In a press release from Topeka, Kansas, the state Commissioner for insurance has urged the state’s residents to look into long-term care insurance as they struggle to get out of economic hardships. Most Kansans are currently looking at funding for future financial obligations such as saving for retirement rather than saving for short term needs. The Commissioner reiterated the fact that almost 6 out of 10 Kansans will need long term-care at one point in their lives. The advances in medicine and health care provision have helped people to live longer than they did before which makes it imperative to save for the future. The need for long term care insurance will depend on one’s income and potential risk factors, the Commissioner added. He reminded the state residents to ensure that the long-term care insurance policies they purchase strictly adhere to the standards set by the National Association of Insurance Commissioners (NAIC).
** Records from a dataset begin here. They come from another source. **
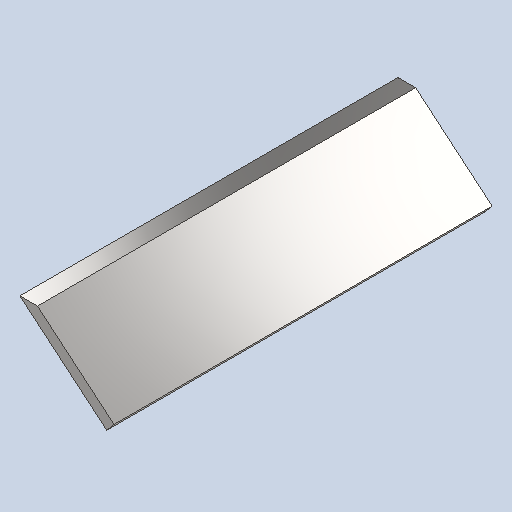
# Autodesk Inventor part: strug
Saved by Autodesk Inventor 2022 (Build 260153000, 153)
## iProperties
Created: 2022-12-26
Part Number: strug
Material: Steel, Alloy
Document SubType Name: Modeling
Designer: Kamil
Density: 7.73 g/cm^3
Appearance: Semi-Polished
Author: Kamil
Autodesk Inventor part; units mm, degrees
ref_plane "YZ Plane" through (0, 0, 0) normal (1, 0, 0) x (0, 1, 0)
ref_plane "XZ Plane" through (0, 0, 0) normal (0, 1, 0) x (-1, 0, 0)
ref_plane "XY Plane" through (0, 0, 0) normal (0, 0, 1) x (1, 0, 0)
sketch "Sketch1" plane through (0, 0, 0) normal (0, 0, 1) x (1, 0, 0)
  line L0 (10.7451, 5.5) -> (50.1922, -27.6) projected
  line L1 (50.1922, -27.6) -> (100, -27.6) projected
  line L2 (100, -27.6) -> (100, -23.6) projected
  line L3 (100, -23.6) -> (83.9, -23.6) projected
  arc A0 (65.8, -5.5) -> (83.9, -23.6) centre (83.9, -5.5) ccw projected
  line L4 (65.8, -5.5) -> (65.8, 5.5) projected
  line L5 (65.8, 5.5) -> (10.7451, 5.5) projected
  line L6 (7.1699, 8.5) -> (10.7451, 5.5) projected
  line L7 (65.8, 5.5) -> (10.7451, 5.5) projected
  line L8 (65.8, 5.5) -> (65.8, 8.5) projected
  line L9 (65.8, 8.5) -> (7.1699, 8.5) projected
  circle A1 centre (83.9, -5.5) radius 16.1 projected
  line L10 (83.9, 10.6) -> (-17.1951, 10.6)
  line L11 (100, -5.5) -> (0, -5.5)
  line L12 (0, -5.5) -> (0, 10.6)
  line L13 (7.1699, 8.5) -> (4.6672, 10.6)
  line L14 (7.1699, 8.5) -> (5.2415, 6.2019)
  line L15 (5.2415, 6.2019) -> (0, 10.6)
  line L16 (0, 10.6) -> (22.9813, -8.6836)
  line L17 (22.9813, -8.6836) -> (24.9097, -6.3855)
  point P0 (0, 0)
  dimension "d0" = 100
  dimension "d1" = 3
  dimension "d2" = 30
  constraints: 16 end point, 4 point on line, 3 perpendicular, 2 horizontal, 2 point on circle, 1 collinear
  measures "d0" distance of L11.start L11.end
  measures "d1" distance of L6.start L14.end
  measures "d2" distance of L12.end L16.end
extrude "Extrusion1" add sketch "Sketch1" against normal blind 100 contours L17 L16 L11 L0 | L11 L16 L14 L6 L0 | L14 L15 L10 L13
body "Solid1"
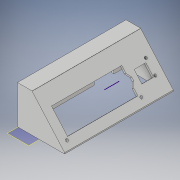
# Autodesk Inventor part: Suport - pantalla i potenciometre
Saved by Autodesk Inventor 2019 (Build 230136000, 136)
## iProperties
Created: 2018-08-18
Part Number: Suport - pantalla i potenciometre
Material: Genérico
Document SubType Name: Modeling
Designer: Albert Garangou Culebras
Density: 1 g/cm^3
Appearance: Valor por defecto
Author: Albert Garangou Culebras
Autodesk Inventor part; units mm, degrees
ref_plane "YZ Plane" through (0, 0, 0) normal (1, 0, 0) x (0, 1, 0)
ref_plane "XZ Plane" through (0, 0, 0) normal (0, 1, 0) x (-1, 0, 0)
ref_plane "XY Plane" through (0, 0, 0) normal (0, 0, 1) x (1, 0, 0)
sketch "Boceto3" plane through (0, 0, 0) normal (0, 0, 1) x (1, 0, 0)
  line L0 (40, 0) -> (37, 0)
  line L1 (0, 0) -> (0, 45)
  line L2 (0, 45) -> (3, 45)
  line L3 (40, 0) -> (40, 3)
  line L4 (40, 3) -> (3, 45)
  line L5 (0, 0) -> (40, 0)
  dimension "d3" = 3
  dimension "d4" = 45
  dimension "d5" = 3
  dimension "d6" = 3
  constraints: 12 end point, 2 horizontal, 2 vertical, 1 perpendicular
  measures "d3" distance of L0.start L0.end
  measures "d4" distance of L1.start L1.end
  measures "d5" distance of L1.end L2.end
  measures "d6" distance of L0.start L3.end
extrude "Extrusión1" add sketch "Boceto3" against normal blind 98.2
sketch "Boceto4" plane through (0, 0, 0) normal (0, 0, 1) x (1, 0, 0)
  line L0 (3.3154, 41.6201) -> (2, 43)
  line L1 (3.3154, 41.6201) -> (38, 2)
  line L2 (38, 2) -> (2, 2)
  line L3 (2, 2) -> (2, 43)
  point P0 (0, 45)
  constraints: 8 end point, 1 horizontal
extrude "Extrusión2" cut sketch "Boceto4" against normal blind 210.55
sketch "Boceto6" plane through (0, 0, 0) normal (0, 0, 1) x (1, 0, 0)
  line L0 (1.0395, 0.9992) -> (39.0395, 0.9992)
  line L1 (39.0395, 1.0003) -> (39.0395, 1.9993) projected
  line L2 (39.0395, 0.9992) -> (39.0395, 1.9993)
  line L3 (39.0395, 1.9993) -> (3, 44.0003)
  line L4 (2.88, 44.0003) -> (1, 44.0003) projected
  line L5 (3, 44.0003) -> (1, 44.0003)
  line L6 (1, 1.0003) -> (39.0395, 1.0003) projected
  line L7 (1, 44.0003) -> (1, 1.0003)
  point P0 (0, 0)
  constraints: 10 end point, 2 perpendicular, 1 horizontal, 1 parallel
extrude "Extrusión3" add sketch "Boceto6" against normal blind 2
sketch "Boceto7" plane through (0, 0, -98.2) normal (0, 0, -1) x (-1, 0, 0)
  line L0 (-1, 1.0003) -> (-39.0395, 1.0003) projected
  line L1 (-1, 1.0003) -> (-39.0395, 1.0003)
  line L2 (-39.0395, 1.0003) -> (-39.0395, 2)
  line L3 (-39.0395, 1.9993) -> (-2.88, 44.0003) projected
  line L4 (-39.0395, 2) -> (-2.88, 44.0003)
  line L5 (-2.88, 44.0003) -> (-1, 44.0003) projected
  line L6 (-1, 44.0003) -> (-1, 1.0003)
  line L7 (-2.88, 44.0003) -> (6.9067, 55.3678)
  line L8 (6.9067, 55.3678) -> (10.1689, 59.157)
  line L9 (10.1689, 59.157) -> (10.1689, 0)
  line L10 (10.1689, 0) -> (0, 0)
  dimension "d68" = 15
  dimension "d70" = 5
  constraints: 17 end point, 2 perpendicular, 2 vertical, 1 collinear
  measures "d68" distance of L3.end L7.end
  measures "d70" distance of L7.end L8.end
extrude "Extrusión4" add sketch "Boceto7" against normal blind 2
sketch "Boceto10" plane through (0, 0, -96.2) normal (0, 0, 1) x (1, 0, 0)
  line L0 (20.1691, 1.0003) -> (21.6691, 1.0003)
  line L1 (39.0395, 1.0003) -> (1, 1.0003) projected
  line L2 (21.6691, 1.0003) -> (21.6691, 22.1759)
  line L3 (2.88, 44.0003) -> (39.0395, 1.9993) projected
  line L4 (21.6691, 22.1759) -> (20.1691, 23.9182)
  line L5 (20.1691, 23.9182) -> (20.1691, 1.0003)
  point P0 (0, 0)
  dimension "d49" = 1.5
  constraints: 8 end point, 2 point on line, 1 collinear, 1 parallel, 1 vertical
  measures "d49" distance of L0.start L0.end
extrude "Extrusión7" add sketch "Boceto10" along normal blind 96
sketch "Boceto15" plane through (0, 0, -98.2) normal (0, 0, -1) x (-1, 0, 0)
  line L0 (-3, 45) -> (-40, 3) projected
  line L1 (-20.3927, 25.257) -> (-7.1721, 40.2641)
  line L2 (-7.1721, 40.2641) -> (-7.1721, 0)
  line L3 (-20.1691, 1.0003) -> (-1, 1.0003) projected
  line L4 (-7.1721, 40.2641) -> (-3, 45)
  line L5 (0, 45) -> (-3, 45)
  line L6 (0, 0) -> (0, 45) projected
  line L7 (0, 45) -> (0, 0)
  line L8 (0, 0) -> (-7.1721, 0)
  line L9 (-40, 0) -> (0, 0) projected
  dimension "d71" = 20
  constraints: 12 end point, 3 collinear, 2 point on line, 1 horizontal, 1 perpendicular
  measures "d71" distance of L1.start L1.end
extrude "Extrusión9" cut sketch "Boceto15" against normal blind 617.4
sketch "Boceto16" plane through (0, 0, -96.2) normal (0, 0, 1) x (1, 0, 0)
  line L0 (7.1721, 1) -> (8.6721, 1.0003)
  line L1 (20.1691, 1.0003) -> (7.1721, 1.0003) projected
  line L2 (8.6721, 1.0003) -> (8.6721, 37.2725)
  line L3 (7.1721, 39.0149) -> (20.1691, 23.9182) projected
  line L4 (8.6721, 37.2725) -> (7.1721, 39.0149)
  line L5 (7.1721, 39.0149) -> (7.1721, 1)
  point P0 (0, 0)
  dimension "d74" = 1.5
  constraints: 8 end point, 1 collinear, 1 parallel, 1 perpendicular, 1 point on line
  measures "d74" distance of L0.start L0.end
extrude "Extrusión10" add sketch "Boceto16" along normal blind 95.4
sketch "Boceto17" plane through (0, 0, 0) normal (0, 0, 1) x (1, 0, 0)
  line L0 (20.1691, 1.0003) -> (8.6721, 1.0003) projected
  line L1 (8.6721, 35.5011) -> (8.6721, 2) projected
  line L2 (8.6721, 1.0003) -> (8.6721, 37.2725)
  line L3 (39.0395, 1.9993) -> (21.6691, 22.1759) projected
  line L4 (8.6721, 37.2725) -> (39.0395, 1.9993)
  line L5 (39.0395, 1.9993) -> (39.0395, 1.0003)
  line L6 (39.0395, 1.0003) -> (8.6721, 1.0003)
  line L7 (40, 0) -> (7.1721, 0) projected
  point P0 (0, 0)
  constraints: 8 end point, 2 collinear, 2 parallel
extrude "Extrusión11" cut sketch "Boceto17" against normal blind 235.6
sketch "Boceto21" plane through (40, 3, 0) normal (0.750359, 0.6610305, 0) x (0, 0, -1)
  line L0 (85, 24.1901) -> (85, 18.1901)
  line L1 (76, 24.1901) -> (81, 24.1901)
  line L2 (81, 24.1901) -> (85, 24.1901)
  line L3 (77, 12.1901) -> (76, 12.1901)
  line L4 (77, 12.1901) -> (77, 11.1901)
  line L5 (5, 11.1901) -> (5, 12.1901)
  line L6 (5, 11.1901) -> (5, 7.1901)
  line L7 (5, 7.1901) -> (77, 7.1901)
  line L8 (77, 7.1901) -> (77, 11.1901)
  line L9 (77, 32.1901) -> (5, 32.1901)
  line L10 (5, 7.1901) -> (5, 32.1901)
  line L11 (77, 12.1901) -> (77, 32.1901)
  line L12 (85, 18.1901) -> (85, 13.1901)
  line L13 (98.2, 19.2082) -> (98.2, -0.8655) projected
  line L14 (97, 18.1901) -> (97, 13.1901)
  line L15 (85, 13.1901) -> (97, 13.1901)
  line L16 (85, 25.1901) -> (97, 25.1901)
  line L17 (85, 24.1901) -> (85, 25.1901)
  line L18 (97, 25.1901) -> (97, 18.1901)
  line L19 (0, 19.2082) -> (98.2, 19.2082) projected
  point P0 (0, 24.1901)
  dimension "d114" = 5
  dimension "d177" = 1
  dimension "d184" = 4
  dimension "d186" = 5
  constraints: 36 end point, 4 vertical, 3 horizontal, 2 perpendicular, 1 point on line
  measures "d114" distance of L1.end L1.start
  measures "d177" distance of L3.start L4.end
  measures "d184" distance of L5.start L6.end
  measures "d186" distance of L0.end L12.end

A few of the standards include:
- A minimum of 1 year nursing home or home care coverage
- Ensure that the policy covers for Alzheimer’s disease should it occur after buying the policy
- Protection against inflation by allowing the policyholder to increase the initial benefit level automatically every year.
- A non-cancellation and non-renewal guarantee.
- 30 day refund guarantee.
The Commissioner advised Kansans that with such guarantees they should also look into ways of protecting their assets for the sake of their heirs. One of the initiatives established to this effect by the Kansas Insurance Department three years ago is the Kansas Partnership for Long-Term Care which encourages Kansans to partner with it in their efforts to purchase long-term care insurance policies. Qualified partnership in long-term care insurance will be beneficial to Kansans as they will be able to determine how and where to receive assisted care with ease. Should the policy run out their assets will still be protected by applying for Medicaid services. The Commissioner encouraged Kansans to explore such plans in their quest for long-term care needs. The partnership plan promotes personal responsibility by emphasizing on financial planning. There are currently 8,350 Kansas partnership policies in which close to 93% of policyholders are aged below 70 years.